The series was produced by Ben Fong and script supervised by Poon Man-hung, with direction handled by Fong alongside a rotating team of directors. It marks TVB's first medical drama focused on pediatric surgery, utilizing a team of professional doctors as technical consultants throughout filming. The set for the fictional Princess Anne Hospital was modeled after the Hong Kong Children's Hospital, with principal photography taking place from August to December 2020. The series also marked Linda Chung's return to television after a six-year hiatus from the industry.

== Music ==
The soundtrack consists of 4 individually released singles as follows:

Track Listing
| No. | Title | Lyrics | Music | Artist(s) | Length |
|---|---|---|---|---|---|
| 1. | "Cherish (好好珍惜自己)" | Cheung Mei-yin | Linda Chung, Nick Wong | Linda Chung | 3:45 |
| 2. | "Couldn't Tell (不敢開口)" | Vivian Koo | Andy Ho & Johnny Yim | Vivian Koo | 4:37 |
| 3. | "Fear In My Heart (我會害怕)" | Hayes Yeung | Johnny Yim & Alan Cheung | Hana Kuk | 3:46 |
| 4. | "Never Too Late" | Quinn Lui | Kong Fai & Marley Chan & Chan Chung-wai | Quinn Lui | 3:53 |

==Reception and ratings==

Kids' Lives Matter garnered mainly positive reviews from the audience and media, who commented on the show's "convincing" acting and "moving" storyline. Lam Chun-king from HK01, on the one hand, criticized the series's overall storyline direction for being old-fashioned but nevertheless indicated "the compactness of the script, the richness of the story's content, and the actors' performance set the show as a TVB's masterpiece in recent years and a classic among medical dramas".
An editor from Hong Kong Economic Times praised Linda Chung's maturity in her acting skills and wrote that she could fully "express the tenderness of maternal love when interacting with sick children". Although Chung did not win in the end, she was noted by the media to be among viewers' favorites for the "Best Actress" title at the 54th TVB Anniversary Awards.

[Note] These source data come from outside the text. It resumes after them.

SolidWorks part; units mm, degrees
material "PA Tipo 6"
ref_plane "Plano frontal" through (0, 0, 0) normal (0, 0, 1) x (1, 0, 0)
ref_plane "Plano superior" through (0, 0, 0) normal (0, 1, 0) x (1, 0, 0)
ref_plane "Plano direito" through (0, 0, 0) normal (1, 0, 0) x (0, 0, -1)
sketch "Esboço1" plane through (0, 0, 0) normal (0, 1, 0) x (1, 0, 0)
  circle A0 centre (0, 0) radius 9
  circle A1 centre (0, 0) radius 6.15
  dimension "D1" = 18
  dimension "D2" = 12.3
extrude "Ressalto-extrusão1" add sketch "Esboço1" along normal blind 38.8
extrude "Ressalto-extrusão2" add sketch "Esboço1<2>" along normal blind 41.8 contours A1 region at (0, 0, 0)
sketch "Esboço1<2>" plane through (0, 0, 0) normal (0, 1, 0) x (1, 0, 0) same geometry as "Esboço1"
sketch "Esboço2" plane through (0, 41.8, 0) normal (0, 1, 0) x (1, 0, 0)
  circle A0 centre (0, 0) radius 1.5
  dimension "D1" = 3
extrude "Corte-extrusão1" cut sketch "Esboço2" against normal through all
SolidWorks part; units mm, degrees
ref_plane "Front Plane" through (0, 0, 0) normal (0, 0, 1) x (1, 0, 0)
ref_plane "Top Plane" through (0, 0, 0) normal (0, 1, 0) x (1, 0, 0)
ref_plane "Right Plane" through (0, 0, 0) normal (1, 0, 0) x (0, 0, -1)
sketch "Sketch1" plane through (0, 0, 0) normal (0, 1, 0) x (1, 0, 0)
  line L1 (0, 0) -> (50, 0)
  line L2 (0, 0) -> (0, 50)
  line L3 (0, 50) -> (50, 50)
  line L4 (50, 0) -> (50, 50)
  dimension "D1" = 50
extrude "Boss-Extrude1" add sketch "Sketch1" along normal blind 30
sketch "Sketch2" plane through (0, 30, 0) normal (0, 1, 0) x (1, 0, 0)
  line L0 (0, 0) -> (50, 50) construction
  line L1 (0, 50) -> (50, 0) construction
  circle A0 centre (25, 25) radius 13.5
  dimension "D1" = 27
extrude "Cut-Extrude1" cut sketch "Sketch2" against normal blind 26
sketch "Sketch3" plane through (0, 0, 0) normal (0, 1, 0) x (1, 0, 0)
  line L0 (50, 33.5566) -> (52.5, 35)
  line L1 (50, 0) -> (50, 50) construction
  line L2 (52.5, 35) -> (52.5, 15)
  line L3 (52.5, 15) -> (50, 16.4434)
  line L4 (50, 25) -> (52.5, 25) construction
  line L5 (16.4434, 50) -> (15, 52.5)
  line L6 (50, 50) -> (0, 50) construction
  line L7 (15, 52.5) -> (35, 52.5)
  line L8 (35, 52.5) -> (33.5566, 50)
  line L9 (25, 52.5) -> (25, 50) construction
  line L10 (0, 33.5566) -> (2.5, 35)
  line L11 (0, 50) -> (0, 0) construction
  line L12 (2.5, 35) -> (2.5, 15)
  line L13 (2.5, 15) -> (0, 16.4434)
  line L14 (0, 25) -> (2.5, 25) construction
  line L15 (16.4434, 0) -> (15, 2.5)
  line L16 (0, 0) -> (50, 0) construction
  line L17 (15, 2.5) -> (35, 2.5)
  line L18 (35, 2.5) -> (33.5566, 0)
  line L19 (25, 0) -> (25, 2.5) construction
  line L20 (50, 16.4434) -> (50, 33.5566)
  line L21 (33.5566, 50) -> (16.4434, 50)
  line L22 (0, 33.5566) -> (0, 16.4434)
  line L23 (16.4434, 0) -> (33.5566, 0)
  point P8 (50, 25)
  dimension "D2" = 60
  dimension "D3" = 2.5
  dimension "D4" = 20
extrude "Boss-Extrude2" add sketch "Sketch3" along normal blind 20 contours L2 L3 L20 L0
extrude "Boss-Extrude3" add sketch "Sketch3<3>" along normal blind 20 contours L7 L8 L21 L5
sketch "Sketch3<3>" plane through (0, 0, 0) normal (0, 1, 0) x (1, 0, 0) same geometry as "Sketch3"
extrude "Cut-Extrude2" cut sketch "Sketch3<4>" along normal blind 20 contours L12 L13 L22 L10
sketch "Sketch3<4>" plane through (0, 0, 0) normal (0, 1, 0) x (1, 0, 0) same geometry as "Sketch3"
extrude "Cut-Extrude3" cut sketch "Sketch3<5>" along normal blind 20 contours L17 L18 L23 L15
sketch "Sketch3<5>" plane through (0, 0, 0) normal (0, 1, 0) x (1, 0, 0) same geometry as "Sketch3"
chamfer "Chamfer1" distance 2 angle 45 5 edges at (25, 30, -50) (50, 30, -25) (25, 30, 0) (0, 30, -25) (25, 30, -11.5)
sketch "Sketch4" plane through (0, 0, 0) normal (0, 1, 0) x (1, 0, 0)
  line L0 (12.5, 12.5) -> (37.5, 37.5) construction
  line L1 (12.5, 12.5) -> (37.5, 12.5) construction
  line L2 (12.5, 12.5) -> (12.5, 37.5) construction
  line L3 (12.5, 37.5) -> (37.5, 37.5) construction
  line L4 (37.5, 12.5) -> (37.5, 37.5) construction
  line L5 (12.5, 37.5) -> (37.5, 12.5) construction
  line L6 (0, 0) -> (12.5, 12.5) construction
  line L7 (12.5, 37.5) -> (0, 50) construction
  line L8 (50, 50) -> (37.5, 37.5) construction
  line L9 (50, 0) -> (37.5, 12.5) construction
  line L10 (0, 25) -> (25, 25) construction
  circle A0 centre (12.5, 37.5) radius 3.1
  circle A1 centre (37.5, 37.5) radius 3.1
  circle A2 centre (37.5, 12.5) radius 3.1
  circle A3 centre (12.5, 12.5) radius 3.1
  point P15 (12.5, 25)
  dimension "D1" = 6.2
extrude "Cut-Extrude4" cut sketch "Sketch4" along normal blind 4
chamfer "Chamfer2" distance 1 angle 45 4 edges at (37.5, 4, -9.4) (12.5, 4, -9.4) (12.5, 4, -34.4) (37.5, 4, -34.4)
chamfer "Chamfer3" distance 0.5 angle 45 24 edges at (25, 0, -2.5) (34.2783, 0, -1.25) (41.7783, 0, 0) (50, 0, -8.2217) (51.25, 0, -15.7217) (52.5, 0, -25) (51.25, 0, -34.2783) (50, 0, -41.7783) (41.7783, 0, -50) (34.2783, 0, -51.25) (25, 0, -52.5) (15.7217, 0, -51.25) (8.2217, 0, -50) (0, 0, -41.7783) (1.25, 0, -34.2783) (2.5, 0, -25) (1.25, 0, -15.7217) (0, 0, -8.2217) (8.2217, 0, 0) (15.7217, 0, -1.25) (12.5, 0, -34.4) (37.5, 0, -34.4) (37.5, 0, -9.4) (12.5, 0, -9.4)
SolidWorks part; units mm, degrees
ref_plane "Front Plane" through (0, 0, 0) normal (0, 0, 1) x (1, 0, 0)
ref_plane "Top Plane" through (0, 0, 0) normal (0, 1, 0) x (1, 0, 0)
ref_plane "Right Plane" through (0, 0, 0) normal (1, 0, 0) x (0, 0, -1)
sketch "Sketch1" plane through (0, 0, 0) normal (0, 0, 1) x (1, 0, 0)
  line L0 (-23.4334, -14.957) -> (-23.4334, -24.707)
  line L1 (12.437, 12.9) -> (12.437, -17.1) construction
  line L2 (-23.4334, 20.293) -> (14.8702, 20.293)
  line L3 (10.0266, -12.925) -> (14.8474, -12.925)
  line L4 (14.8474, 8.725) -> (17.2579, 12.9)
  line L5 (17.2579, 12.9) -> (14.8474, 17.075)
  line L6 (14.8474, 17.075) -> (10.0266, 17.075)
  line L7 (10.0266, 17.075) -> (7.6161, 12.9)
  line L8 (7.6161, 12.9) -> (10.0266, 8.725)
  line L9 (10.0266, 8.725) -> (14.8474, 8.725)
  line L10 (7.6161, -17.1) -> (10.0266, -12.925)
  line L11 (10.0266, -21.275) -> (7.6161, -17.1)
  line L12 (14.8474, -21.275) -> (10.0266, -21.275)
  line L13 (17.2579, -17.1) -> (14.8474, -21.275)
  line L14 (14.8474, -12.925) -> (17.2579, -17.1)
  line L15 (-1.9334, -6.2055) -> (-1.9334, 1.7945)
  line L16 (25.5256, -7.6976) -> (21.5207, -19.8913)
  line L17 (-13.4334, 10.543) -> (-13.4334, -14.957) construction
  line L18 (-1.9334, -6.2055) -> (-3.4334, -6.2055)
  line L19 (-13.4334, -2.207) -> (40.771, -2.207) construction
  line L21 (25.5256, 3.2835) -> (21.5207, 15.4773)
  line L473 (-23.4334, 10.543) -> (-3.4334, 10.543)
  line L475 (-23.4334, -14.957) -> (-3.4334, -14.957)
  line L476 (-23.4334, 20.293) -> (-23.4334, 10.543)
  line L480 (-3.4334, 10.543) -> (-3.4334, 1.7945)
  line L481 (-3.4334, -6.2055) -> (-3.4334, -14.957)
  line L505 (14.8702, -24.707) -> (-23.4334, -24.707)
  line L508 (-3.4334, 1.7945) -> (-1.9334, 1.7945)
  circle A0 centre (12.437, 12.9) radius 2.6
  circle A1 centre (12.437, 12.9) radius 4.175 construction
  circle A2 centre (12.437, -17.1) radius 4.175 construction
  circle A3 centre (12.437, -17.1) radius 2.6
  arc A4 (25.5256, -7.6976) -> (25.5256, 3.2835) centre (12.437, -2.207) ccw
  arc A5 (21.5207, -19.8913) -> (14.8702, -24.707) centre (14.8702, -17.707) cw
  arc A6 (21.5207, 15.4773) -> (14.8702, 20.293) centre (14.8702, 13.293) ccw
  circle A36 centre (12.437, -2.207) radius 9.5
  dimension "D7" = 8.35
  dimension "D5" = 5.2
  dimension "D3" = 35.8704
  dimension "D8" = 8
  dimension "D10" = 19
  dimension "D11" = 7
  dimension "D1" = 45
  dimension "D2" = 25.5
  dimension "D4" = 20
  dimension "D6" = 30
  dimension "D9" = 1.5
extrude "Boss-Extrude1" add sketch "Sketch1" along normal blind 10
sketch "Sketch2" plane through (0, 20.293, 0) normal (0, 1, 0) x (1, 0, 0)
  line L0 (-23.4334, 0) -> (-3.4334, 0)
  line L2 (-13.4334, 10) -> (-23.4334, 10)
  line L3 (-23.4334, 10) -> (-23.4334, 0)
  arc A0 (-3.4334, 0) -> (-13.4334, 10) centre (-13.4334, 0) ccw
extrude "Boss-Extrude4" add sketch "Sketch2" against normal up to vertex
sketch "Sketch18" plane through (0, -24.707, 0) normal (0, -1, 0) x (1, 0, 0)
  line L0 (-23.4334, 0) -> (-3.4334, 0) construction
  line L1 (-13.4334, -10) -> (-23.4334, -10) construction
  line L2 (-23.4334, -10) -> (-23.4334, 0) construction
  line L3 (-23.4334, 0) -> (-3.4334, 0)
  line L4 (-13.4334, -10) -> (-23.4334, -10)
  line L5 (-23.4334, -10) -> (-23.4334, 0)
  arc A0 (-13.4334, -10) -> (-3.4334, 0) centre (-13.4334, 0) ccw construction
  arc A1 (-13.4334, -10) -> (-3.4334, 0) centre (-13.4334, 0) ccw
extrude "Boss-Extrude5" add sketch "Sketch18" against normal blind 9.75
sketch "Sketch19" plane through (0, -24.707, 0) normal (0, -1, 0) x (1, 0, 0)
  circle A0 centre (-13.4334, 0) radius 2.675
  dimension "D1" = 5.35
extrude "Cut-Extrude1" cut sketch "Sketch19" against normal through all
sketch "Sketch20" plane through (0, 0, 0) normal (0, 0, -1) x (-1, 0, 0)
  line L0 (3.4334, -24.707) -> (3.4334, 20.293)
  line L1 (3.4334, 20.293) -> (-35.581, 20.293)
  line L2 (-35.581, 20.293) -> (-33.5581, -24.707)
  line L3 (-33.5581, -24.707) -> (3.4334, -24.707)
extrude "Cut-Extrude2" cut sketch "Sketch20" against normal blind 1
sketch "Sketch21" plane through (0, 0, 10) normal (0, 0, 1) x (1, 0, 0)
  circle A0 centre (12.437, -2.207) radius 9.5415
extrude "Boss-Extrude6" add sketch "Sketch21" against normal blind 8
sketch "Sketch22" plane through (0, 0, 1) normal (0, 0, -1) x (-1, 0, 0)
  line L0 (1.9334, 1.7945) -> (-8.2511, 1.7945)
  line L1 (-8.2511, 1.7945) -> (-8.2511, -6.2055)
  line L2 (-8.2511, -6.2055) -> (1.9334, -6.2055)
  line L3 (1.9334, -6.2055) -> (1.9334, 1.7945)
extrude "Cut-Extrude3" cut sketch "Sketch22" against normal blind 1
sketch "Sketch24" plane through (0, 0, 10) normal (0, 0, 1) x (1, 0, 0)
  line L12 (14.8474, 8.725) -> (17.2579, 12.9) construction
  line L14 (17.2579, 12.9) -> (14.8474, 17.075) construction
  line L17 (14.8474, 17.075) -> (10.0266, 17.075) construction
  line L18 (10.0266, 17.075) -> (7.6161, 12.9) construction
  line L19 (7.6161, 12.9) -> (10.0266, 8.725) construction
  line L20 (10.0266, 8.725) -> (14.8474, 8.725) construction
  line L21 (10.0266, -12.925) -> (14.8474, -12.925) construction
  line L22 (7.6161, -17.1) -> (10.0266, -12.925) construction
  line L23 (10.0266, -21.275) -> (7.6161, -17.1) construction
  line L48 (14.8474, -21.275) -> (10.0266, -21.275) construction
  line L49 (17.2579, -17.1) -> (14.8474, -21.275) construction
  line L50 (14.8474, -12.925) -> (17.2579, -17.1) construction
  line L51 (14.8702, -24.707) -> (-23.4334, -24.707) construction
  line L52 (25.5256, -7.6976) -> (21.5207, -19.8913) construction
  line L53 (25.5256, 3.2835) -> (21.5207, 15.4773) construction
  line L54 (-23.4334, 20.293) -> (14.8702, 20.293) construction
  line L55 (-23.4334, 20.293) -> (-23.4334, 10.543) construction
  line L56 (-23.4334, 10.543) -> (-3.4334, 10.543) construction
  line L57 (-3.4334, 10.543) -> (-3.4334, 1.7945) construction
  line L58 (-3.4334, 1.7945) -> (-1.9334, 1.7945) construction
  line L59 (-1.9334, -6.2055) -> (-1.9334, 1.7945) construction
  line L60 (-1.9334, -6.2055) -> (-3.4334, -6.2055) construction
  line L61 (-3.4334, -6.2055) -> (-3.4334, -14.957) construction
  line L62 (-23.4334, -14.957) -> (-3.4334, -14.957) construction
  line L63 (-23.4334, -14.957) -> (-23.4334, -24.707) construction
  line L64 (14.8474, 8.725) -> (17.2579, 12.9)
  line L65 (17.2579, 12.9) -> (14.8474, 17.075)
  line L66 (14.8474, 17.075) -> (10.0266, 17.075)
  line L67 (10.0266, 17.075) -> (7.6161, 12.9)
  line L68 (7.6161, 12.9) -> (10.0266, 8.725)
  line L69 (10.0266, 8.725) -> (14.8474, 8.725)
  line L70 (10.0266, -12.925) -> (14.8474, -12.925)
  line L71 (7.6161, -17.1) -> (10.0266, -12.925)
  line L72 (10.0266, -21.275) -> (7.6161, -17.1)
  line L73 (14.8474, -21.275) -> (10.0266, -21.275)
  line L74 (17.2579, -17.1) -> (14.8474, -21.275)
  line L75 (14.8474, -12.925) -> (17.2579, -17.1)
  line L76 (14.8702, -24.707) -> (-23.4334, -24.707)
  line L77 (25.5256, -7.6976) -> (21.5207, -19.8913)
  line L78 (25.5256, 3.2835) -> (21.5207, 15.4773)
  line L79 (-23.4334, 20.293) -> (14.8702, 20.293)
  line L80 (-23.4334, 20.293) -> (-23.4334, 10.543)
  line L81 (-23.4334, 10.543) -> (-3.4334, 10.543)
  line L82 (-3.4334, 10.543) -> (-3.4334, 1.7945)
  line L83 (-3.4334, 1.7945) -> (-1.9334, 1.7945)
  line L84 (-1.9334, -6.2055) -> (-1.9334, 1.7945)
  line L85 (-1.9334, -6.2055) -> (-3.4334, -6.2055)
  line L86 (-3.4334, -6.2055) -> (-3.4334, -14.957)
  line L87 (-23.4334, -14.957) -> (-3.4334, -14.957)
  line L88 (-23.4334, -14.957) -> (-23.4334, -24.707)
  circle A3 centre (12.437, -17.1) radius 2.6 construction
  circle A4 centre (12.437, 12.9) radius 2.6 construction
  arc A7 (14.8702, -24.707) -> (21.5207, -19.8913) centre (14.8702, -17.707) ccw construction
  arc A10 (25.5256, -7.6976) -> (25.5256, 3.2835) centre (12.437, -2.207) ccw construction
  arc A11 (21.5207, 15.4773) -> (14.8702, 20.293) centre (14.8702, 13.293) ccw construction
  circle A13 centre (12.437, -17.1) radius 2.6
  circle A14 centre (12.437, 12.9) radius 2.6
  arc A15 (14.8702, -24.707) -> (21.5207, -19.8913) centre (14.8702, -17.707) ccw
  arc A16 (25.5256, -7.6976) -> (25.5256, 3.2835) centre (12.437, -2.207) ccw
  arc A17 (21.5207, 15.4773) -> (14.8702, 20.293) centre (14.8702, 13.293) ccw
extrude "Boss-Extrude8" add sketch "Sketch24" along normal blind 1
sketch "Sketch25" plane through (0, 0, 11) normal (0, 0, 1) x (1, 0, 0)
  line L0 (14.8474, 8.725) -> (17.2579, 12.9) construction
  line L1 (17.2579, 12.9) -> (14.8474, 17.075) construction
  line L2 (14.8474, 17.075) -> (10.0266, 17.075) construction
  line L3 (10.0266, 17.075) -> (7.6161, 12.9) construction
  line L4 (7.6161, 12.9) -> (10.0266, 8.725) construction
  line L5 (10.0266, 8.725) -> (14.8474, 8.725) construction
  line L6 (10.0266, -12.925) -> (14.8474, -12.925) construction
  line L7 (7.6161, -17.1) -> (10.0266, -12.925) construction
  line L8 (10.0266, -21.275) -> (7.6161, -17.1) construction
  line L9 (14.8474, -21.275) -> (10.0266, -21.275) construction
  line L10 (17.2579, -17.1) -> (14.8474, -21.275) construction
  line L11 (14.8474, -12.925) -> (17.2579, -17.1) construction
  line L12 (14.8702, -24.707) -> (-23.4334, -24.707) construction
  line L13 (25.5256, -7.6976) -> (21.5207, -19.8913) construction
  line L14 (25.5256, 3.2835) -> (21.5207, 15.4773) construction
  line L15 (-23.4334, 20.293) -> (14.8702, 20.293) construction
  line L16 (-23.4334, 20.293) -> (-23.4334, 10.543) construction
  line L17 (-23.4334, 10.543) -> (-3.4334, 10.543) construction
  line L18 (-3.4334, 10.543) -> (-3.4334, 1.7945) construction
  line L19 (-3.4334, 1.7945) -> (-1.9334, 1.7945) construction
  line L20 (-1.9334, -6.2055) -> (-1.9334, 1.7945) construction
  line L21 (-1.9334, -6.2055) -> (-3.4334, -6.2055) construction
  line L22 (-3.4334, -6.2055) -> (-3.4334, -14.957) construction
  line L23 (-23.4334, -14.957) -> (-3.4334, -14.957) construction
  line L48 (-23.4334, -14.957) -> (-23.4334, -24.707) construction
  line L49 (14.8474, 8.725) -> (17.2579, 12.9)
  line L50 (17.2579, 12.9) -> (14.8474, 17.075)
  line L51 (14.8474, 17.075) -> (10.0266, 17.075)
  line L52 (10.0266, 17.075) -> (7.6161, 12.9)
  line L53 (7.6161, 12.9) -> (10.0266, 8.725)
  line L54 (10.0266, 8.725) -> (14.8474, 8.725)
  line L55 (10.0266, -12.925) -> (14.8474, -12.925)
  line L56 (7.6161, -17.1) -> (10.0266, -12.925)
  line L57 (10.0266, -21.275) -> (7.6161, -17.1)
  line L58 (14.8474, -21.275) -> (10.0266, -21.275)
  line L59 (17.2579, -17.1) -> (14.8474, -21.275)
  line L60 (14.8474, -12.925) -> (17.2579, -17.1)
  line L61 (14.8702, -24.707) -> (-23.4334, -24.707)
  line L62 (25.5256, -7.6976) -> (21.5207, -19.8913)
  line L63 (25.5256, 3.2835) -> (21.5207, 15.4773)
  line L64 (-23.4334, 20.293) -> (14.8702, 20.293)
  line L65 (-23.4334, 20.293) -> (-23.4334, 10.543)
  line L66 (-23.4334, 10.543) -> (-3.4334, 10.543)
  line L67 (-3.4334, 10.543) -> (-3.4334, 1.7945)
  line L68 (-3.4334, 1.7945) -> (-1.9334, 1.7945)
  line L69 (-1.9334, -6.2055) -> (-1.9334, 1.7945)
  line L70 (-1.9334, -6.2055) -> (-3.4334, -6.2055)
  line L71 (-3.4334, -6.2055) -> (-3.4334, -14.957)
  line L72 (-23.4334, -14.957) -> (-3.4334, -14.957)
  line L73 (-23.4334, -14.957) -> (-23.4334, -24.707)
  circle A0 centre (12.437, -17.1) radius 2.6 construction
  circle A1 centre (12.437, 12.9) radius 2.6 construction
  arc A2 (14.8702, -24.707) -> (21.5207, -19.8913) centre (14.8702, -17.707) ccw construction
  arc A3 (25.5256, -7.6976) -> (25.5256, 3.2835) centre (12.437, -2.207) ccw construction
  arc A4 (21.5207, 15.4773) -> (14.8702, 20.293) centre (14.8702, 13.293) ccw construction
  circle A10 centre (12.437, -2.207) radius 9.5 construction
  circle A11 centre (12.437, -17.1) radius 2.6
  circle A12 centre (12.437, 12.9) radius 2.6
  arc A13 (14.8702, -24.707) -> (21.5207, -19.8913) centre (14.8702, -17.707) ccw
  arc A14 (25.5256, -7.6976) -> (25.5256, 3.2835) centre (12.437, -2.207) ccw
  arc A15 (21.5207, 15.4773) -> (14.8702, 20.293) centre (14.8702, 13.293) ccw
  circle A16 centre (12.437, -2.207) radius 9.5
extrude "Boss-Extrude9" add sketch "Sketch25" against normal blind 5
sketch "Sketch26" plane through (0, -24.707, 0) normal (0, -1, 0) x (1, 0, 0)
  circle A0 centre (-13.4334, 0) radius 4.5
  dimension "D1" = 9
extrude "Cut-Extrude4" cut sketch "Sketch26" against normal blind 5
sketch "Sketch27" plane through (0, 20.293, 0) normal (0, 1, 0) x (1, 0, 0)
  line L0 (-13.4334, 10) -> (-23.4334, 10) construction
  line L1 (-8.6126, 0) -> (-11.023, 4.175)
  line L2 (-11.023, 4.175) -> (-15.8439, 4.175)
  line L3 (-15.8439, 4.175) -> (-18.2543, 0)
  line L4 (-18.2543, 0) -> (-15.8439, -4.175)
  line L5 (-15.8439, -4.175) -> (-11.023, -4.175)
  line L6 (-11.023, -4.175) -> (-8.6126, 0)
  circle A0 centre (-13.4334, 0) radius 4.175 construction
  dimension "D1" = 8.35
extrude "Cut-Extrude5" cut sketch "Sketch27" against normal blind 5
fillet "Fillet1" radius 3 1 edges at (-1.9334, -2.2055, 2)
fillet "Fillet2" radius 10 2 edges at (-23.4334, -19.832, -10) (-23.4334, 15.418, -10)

| Week | Episodes | Airing dates | Average ratings | Ref. |
|---|---|---|---|---|
| 1 | 1 – 5 | 18–22 October 2021 | 18.5 points |  |
| 2 | 6 – 10 | 25–29 October 2021 | 18.9 points |  |
| 3 | 11 – 15 | 1–5 November 2021 | 19.4 points |  |
| 4 | 16 – 20 | 8–12 November 2021 | 19.3 points |  |
| 5 | 21 – 24 | 15–18 November 2021 | 19.9 points |  |
| 6 | 25 | 22 November 2021 | 22.8 points |  |

==Awards and nominations==

Year: Award; Category; Nominated work; Results; Ref.
2021: 54th TVB Anniversary Awards; My Favorite Television Series (Malaysia); Kids' Lives Matter; Won
My Favorite Actress In A Leading Role (Malaysia): Linda Chung; Won
My Favorite Actor In A Leading Role (Malaysia): Kevin Cheng; Nominated
Best Television Series: Kids' Lives Matter; Nominated
Best Actor: Kevin Cheng; Nominated
Kenneth Ma: Nominated
Best Actress: Linda Chung; Nominated
Best Supporting Actor: Him Law; Nominated
Best Supporting Actress: Regina Ho; Nominated
My Favorite Male Character In A Television Series: Kenneth Ma (for Amos Fong); Won
My Favorite Female Character In A Television Series: Linda Chung (for Eman Cheung); Nominated
Best On-screen Partnership: Kevin Cheng & Linda Chung; Nominated
Best Television Theme song: "Cherish"; Nominated
2022: Asian Academy Creative Awards; Best Television Series; Kids' Lives Matter; Won
Best Actor: Kenneth Ma; Won

==Overseas releases==

In Singapore, the series was broadcast in June 2022 on Mediacorp Channel 8 with Mandarin dubbing. The original Cantonese version was made accessible through the Mediacorp OTT service MeWATCH. In Malaysia, the series was aired in October 2022.